We have some legacy code that I am struggling to understand - the original author is gone.
Apparently, Ghostscript PS to PDF conversion is very slow for certain files but putting object definitions as below speeds it up immensely (we are talking 8+ hours down to 8.5 minutes for a ~20,000 page file whereas Adobe Distiller takes ~20 minutes on the original with default options).
Original file extract (created with PReS):
/@GP
{
save exch mark exch
execform
cleartomark restore
} bd
...
gsave 0.62 0.62 scale @TestGraphic @GP grestore
Where @TestGraphic is an EPS image. This doesn't seem important as other programs use different non-EPS images with similar issues.
Modified file:
[/_objdef {new_graphic} /BBox [0 0 595 842] /BP pdfmark
@TestGraphic @GP
[/EP pdfmark
...
gsave 0.62 0.62 scale
[ {new_graphic} /SP pdfmark
grestore
We have seen similar behaviour on both Unix and Windows over various gs
versions. The timings were conducted with fairly standard options:
"c:\Program Files (x86)\gs\gs9.21\bin\gswin32c" \
-dNOPAUSE -dBATCH -sDEVICE=pdfwrite -o test.pdf test.ps
I'm not too interested in diagnosing why it is slow (it would take a long time to remove sensitive data from the file but I can try if it's really needed) but rather what benefit the objection definition and pdfmark commands provide.

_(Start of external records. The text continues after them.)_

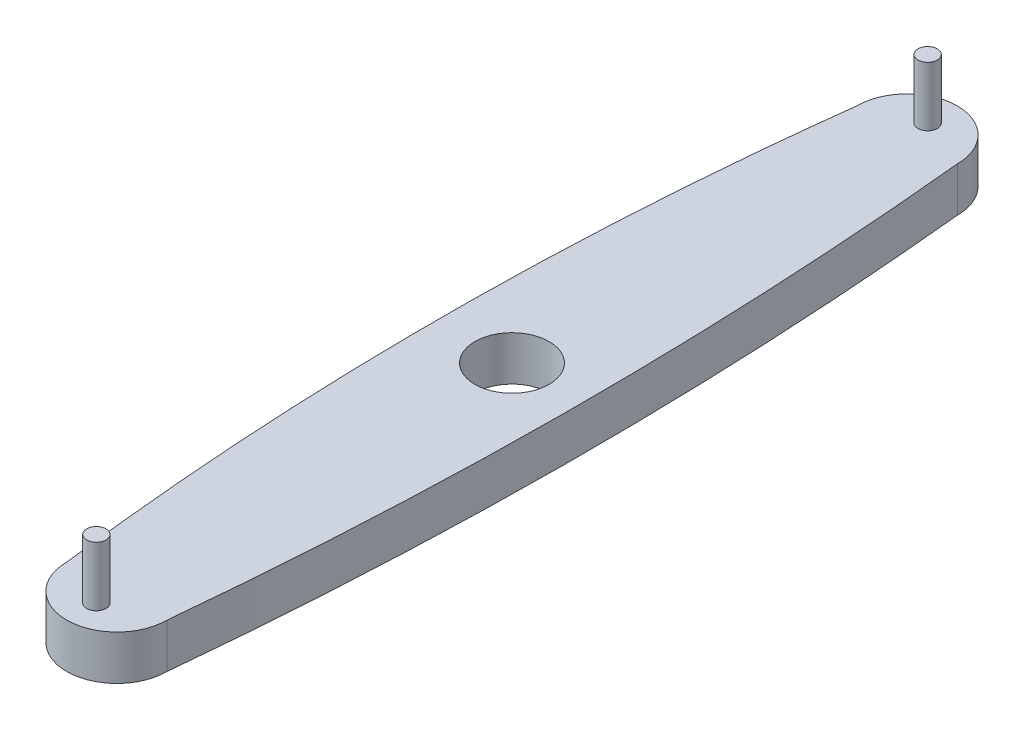
from build123d import *

# Parameters (mm, degrees)
BOSS_EXTRUDE1_DEPTH = 30
SKETCH2_R           = 25
CUT_EXTRUDE1_DEPTH  = 30
SKETCH3_R           = 6.505
BOSS_EXTRUDE2_DEPTH = 40
CUT_EXTRUDE2_DEPTH  = 40


with BuildPart() as part:
    # Sketch1 → Boss-Extrude1 (new body)
    with BuildSketch(Plane(origin=(0, 0, 0), x_dir=(1, 0, 0), z_dir=(0, 1, 0))):
        with BuildLine():
            Line((-77.61802258, 0), (-33.820586084, 266.179413916))
            ThreePointArc((-33.820586084, 266.179413916), (0, 300), (33.820586084, 266.179413916))
            Line((33.820586084, 266.179413916), (72.176610565, 0))
            Line((72.176610565, 0), (33.820586084, -266.179413916))
            ThreePointArc((33.820586084, -266.179413916), (0, -300), (-33.820586084, -266.179413916))
            Line((-33.820586084, -266.179413916), (-77.61802258, 0))
        make_face()
    extrude(amount=BOSS_EXTRUDE1_DEPTH)

    # Sketch2 → Cut-Extrude1 (cut)
    with BuildSketch(Plane(origin=(0, 30, 0), x_dir=(1, 0, 0), z_dir=(0, 1, 0))):
        Circle(SKETCH2_R)
    extrude(amount=-CUT_EXTRUDE1_DEPTH, mode=Mode.SUBTRACT)

    # Sketch3 → Boss-Extrude2 (add)
    with BuildSketch(Plane(origin=(0, 30, 0), x_dir=(1, 0, 0), z_dir=(0, 1, 0))):
        with Locations((0, -280)):
            Circle(SKETCH3_R)
    boss_extrude2 = extrude(amount=BOSS_EXTRUDE2_DEPTH)

    # Mirror1: Boss-Extrude2 across plane
    add(boss_extrude2.mirror(Plane.XY))

    # Sketch4 → Cut-Extrude2 (cut)
    with BuildSketch(Plane(origin=(0, 30, 0), x_dir=(1, 0, 0), z_dir=(0, 1, 0))):
        with BuildLine():
            Line((-77.61802258, 0), (-33.820586084, -266.179413916))
            add(Edge.make_bspline(
                [(-33.820586084, 266.179413916), (-66.842002298, 0), (-33.820586084, -266.179413916)],
                knots=[0, 0, 0, 1, 1, 1], degree=2))
            add(Edge.make_bspline(
                [(-33.820586084, 266.179413916), (-77.61802258, 0)],
                knots=[0, 0, 1, 1], degree=1))
        make_face()
        with BuildLine():
            Line((72.176610565, 0), (33.820586084, 266.179413916))
            add(Edge.make_bspline(
                [(33.820586084, 266.179413916), (60.12786219, -0.030187119), (33.820586084, -266.179413916)],
                knots=[0, 0, 0, 1, 1, 1], degree=2))
            Line((33.820586084, -266.179413916), (72.176610565, 0))
        make_face()
    extrude(amount=-CUT_EXTRUDE2_DEPTH, mode=Mode.SUBTRACT)


solid = part.part

The original script referenced http://wwwimages.adobe.com/content/dam/Adobe/en/devnet/postscript/pdfs/5113.Forms.pdf and was designed to enable execform caching on certain printer RIPs and Distiller (which each struggled with large full-colour images), however Ghostscript didn't support execform caching so this alternate pdfmark technique was adopted, with no notes on why.
Edit: Added gist of form definition with data removed:
https://gist.github.com/anonymous/676924d451188276053b9b472279e382
You are most likely using older versions of Ghostscript. Your original fragment uses PostScript forms, which is unusual, and older versions of the pdfwrite device did not preserve forms as forms, but instead 'unrolled' the form definition each time it was used.
This will, unsurprisingly, result in much larger output files, especially if, as is likely, the form is the majority of the content and is used on every page.
The pdfmark code defines a PDF object, and then references that object each time. Only one object, so the file is much smaller, so you spend much less time assembling it, and copying identical data 20,000 times.
Of course, new versions of the pdfwrite device will preserve forms, so most likely the benefit of creating and referencing the PDF object directly is long gone.
Its nothing to do with caching of forms (not 'execform caching'), its to do with whether a form in the input PostScript is preserved as a form in the output PDF or not.
By the way, it is important to understand why the performance is poor, wihtout that you can't possibly understand why another approach is faster.